Sunday, February 13, 2011

ATLAS: gluino mass not below 700 GeV if equal to squark masses

In December 2010, the CMS collaboration at the LHC released its bounds on supersymmetry:
SUSY: CMS exclusion limits way beyond Tevatron but lower than expected
The ATLAS collaboration is larger than the CMS so we shouldn't be surprised that it may take a longer time for them to collect signatures of all the members (whose names occupy most of the paper).

Assembly and installation of the ATLAS Hadronic endcap Liquid Argon Calorimeter. The ATLAS detector contains a series of ever-larger concentric cylinders around the central interaction point where the LHC's proton beams collide. (Roy Langstaff, © CERN)

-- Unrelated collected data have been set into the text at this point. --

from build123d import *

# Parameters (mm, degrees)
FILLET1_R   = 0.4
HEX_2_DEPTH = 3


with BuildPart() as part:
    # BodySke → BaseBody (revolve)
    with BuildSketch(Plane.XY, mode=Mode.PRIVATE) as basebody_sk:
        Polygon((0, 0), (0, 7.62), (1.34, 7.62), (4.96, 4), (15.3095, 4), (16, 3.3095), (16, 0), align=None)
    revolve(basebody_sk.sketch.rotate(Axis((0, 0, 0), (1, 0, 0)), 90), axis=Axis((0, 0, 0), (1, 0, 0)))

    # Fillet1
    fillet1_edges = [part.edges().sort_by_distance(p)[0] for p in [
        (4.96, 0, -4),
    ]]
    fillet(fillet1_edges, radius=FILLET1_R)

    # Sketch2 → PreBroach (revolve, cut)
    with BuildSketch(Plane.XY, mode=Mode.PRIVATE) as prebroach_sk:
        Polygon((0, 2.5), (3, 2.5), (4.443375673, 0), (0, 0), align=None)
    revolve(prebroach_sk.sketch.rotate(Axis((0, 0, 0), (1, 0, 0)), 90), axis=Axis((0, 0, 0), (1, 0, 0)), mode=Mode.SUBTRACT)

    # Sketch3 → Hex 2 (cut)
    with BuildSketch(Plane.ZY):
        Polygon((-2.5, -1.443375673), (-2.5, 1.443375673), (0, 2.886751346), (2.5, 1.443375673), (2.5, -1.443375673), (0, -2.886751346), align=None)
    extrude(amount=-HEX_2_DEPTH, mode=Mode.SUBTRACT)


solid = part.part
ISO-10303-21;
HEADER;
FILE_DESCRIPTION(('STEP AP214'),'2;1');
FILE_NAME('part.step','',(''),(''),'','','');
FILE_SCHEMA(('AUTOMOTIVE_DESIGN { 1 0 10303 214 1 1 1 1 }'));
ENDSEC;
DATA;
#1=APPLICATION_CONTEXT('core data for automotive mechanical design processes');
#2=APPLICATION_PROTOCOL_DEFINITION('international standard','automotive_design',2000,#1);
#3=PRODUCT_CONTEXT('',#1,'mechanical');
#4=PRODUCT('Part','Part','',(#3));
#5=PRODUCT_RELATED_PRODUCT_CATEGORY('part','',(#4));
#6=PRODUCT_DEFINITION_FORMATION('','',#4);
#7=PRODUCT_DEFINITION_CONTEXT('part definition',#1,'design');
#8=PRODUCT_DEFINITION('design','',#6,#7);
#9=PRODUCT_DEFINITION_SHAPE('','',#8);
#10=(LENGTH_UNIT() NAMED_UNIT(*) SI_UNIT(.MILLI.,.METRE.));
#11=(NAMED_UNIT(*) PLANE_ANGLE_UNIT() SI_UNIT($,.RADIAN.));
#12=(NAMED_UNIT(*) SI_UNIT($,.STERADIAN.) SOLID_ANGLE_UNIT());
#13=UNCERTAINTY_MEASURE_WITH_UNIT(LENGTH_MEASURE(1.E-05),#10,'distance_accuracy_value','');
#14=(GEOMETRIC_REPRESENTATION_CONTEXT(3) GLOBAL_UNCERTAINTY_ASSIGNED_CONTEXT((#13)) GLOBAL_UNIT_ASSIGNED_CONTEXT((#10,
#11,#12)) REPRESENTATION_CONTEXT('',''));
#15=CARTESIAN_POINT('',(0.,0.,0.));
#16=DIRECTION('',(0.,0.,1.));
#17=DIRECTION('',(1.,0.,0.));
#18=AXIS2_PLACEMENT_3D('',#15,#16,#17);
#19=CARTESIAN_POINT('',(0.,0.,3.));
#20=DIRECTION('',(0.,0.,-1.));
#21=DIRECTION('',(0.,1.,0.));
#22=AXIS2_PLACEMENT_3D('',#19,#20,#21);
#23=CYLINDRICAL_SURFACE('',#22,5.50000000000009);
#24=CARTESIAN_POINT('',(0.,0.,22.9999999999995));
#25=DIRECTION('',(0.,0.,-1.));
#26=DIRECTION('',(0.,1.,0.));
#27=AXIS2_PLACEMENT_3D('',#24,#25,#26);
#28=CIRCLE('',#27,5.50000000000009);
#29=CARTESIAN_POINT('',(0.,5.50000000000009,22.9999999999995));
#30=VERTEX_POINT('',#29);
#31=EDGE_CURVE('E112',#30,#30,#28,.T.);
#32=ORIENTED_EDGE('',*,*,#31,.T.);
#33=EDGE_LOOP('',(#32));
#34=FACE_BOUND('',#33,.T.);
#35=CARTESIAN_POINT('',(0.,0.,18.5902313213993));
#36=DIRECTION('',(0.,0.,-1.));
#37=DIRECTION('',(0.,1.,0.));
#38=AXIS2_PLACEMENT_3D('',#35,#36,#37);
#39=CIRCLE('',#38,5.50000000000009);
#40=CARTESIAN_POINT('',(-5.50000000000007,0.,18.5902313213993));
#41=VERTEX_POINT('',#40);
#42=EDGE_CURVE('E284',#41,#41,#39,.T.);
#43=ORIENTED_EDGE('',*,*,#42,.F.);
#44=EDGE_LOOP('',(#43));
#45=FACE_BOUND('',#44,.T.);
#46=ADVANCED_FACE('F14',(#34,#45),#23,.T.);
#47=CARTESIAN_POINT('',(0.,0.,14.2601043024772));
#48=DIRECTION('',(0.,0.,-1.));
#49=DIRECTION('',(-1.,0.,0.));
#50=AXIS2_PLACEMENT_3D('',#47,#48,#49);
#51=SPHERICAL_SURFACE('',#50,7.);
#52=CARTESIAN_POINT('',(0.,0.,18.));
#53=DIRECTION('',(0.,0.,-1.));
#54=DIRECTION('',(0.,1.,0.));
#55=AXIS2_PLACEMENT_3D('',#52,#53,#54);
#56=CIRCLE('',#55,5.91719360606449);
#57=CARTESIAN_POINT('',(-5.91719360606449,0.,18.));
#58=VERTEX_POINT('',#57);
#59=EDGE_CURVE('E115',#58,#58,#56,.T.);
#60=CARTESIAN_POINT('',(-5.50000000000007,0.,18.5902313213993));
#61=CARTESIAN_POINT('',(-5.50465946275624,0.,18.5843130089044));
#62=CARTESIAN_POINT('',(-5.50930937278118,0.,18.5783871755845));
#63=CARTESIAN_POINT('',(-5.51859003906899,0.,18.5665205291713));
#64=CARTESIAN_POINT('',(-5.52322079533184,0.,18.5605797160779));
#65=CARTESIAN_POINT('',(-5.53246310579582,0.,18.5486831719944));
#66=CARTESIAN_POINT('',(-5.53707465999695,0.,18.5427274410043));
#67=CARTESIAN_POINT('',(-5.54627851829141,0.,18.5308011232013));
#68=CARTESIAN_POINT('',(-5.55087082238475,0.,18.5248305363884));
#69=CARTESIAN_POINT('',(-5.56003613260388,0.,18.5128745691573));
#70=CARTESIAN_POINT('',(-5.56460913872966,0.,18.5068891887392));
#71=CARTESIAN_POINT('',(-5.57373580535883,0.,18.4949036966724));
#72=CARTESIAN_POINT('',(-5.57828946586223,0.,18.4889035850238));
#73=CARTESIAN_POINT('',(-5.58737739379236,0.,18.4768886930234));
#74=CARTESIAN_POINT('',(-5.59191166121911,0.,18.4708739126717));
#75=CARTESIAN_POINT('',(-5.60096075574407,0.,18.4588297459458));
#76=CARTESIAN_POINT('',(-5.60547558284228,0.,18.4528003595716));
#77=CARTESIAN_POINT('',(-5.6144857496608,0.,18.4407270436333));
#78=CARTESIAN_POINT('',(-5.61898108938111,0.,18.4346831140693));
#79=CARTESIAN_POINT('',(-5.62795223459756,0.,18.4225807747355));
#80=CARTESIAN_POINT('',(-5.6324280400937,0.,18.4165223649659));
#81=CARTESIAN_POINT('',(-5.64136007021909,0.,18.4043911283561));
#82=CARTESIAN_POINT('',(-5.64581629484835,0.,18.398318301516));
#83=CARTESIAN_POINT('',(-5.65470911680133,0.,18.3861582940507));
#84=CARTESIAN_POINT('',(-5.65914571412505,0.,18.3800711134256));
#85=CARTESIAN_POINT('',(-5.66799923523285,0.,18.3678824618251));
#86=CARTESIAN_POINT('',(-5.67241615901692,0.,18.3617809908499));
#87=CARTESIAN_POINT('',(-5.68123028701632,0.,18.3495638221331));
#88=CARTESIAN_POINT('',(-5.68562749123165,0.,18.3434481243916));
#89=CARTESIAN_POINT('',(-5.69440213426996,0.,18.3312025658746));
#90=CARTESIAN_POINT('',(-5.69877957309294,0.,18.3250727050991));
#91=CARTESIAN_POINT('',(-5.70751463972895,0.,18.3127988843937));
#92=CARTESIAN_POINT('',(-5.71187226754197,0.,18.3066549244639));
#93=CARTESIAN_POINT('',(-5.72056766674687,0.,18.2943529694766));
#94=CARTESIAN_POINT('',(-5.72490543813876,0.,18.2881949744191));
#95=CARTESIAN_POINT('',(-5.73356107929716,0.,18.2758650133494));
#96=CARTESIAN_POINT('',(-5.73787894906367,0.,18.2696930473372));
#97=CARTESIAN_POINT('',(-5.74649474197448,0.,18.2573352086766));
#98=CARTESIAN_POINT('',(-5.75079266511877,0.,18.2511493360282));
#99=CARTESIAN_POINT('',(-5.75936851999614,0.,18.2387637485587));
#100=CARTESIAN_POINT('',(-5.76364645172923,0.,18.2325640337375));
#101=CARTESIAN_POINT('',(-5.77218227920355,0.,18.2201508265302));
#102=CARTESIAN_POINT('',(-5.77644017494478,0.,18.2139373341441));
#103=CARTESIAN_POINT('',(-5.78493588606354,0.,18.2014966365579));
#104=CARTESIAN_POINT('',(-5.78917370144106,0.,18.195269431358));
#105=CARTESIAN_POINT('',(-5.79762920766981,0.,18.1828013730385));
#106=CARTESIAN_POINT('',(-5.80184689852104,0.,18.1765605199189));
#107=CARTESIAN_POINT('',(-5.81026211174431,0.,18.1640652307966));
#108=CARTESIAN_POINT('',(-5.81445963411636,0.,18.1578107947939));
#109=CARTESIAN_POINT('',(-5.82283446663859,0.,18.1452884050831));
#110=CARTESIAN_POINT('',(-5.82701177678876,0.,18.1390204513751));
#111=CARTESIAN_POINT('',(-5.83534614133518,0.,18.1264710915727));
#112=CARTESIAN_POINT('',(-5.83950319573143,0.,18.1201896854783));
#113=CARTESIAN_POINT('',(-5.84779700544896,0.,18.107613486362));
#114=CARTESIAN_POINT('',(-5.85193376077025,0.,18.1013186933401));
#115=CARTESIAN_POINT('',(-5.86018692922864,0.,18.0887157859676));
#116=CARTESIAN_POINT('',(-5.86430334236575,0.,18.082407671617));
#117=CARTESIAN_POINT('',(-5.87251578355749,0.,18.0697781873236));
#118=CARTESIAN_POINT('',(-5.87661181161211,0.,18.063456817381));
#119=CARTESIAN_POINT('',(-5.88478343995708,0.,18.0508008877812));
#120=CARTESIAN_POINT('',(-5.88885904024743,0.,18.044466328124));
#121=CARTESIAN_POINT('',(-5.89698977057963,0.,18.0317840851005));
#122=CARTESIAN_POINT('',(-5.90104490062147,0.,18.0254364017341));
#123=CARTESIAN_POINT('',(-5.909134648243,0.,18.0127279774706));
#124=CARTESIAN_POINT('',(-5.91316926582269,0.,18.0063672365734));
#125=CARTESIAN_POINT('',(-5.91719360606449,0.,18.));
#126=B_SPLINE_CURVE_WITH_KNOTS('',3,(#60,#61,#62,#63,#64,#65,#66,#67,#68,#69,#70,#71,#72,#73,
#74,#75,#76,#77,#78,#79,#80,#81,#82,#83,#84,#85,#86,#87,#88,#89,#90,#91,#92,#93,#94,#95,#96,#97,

It's here. The ATLAS collaboration has evaluated the very same integrated luminosity as the CMS did - 35 inverse picobarns (they must have an agreement to correlate those things) and the result of their work is here:
Search for supersymmetry using final states with one lepton, jets, and missing transverse momentum with the ATLAS detector in √s = 7 TeV pp collisions (full text PDF, abstract, arXiv)
They declare that they have improved the limits by CDF, D0, as well as the recent limits set by their LHC colleagues in the CMS collaboration. ;-)

For a vanishing cubic coupling A_0, positive mu, and tan(beta)=3, and assuming mSUGRA with squark and gluino masses set equal, the upper 95% confidence level limit on the gluino masses is 700 GeV.

Those expectations are somewhat contradictory to what is considered "realistic" in the current phenomenological literature - which has already been shaped by the older experimental data. In particular, tan(beta) is more likely to be 10 - with some hints that it could be above 40, after all. A_0 is much more likely to be strongly negative - the Indian supersymmetric island indicated minus 1 TeV or so. And some squarks are likely to be several times lighter than the gluino.

But they had to assume something and the paper surely shows the powerful discovery potential of the LHC collider that has already overshadowed the Tevatron. The Tevatron is still producing interesting results but when it comes to direct SUSY searches - and other searches for new physics - the U.S. collider would have no chance even to reproduce what the LHC has already done, even if the Tevatron were running for many additional years.

The LHC energy edge makes a difference.

The new ATLAS SUSY paper was submitted to Phys. Rev. Lett.

The LHC is getting closer to the regime a priori expected to be relevant for SUSY - e.g. gluino masses near 1 TeV.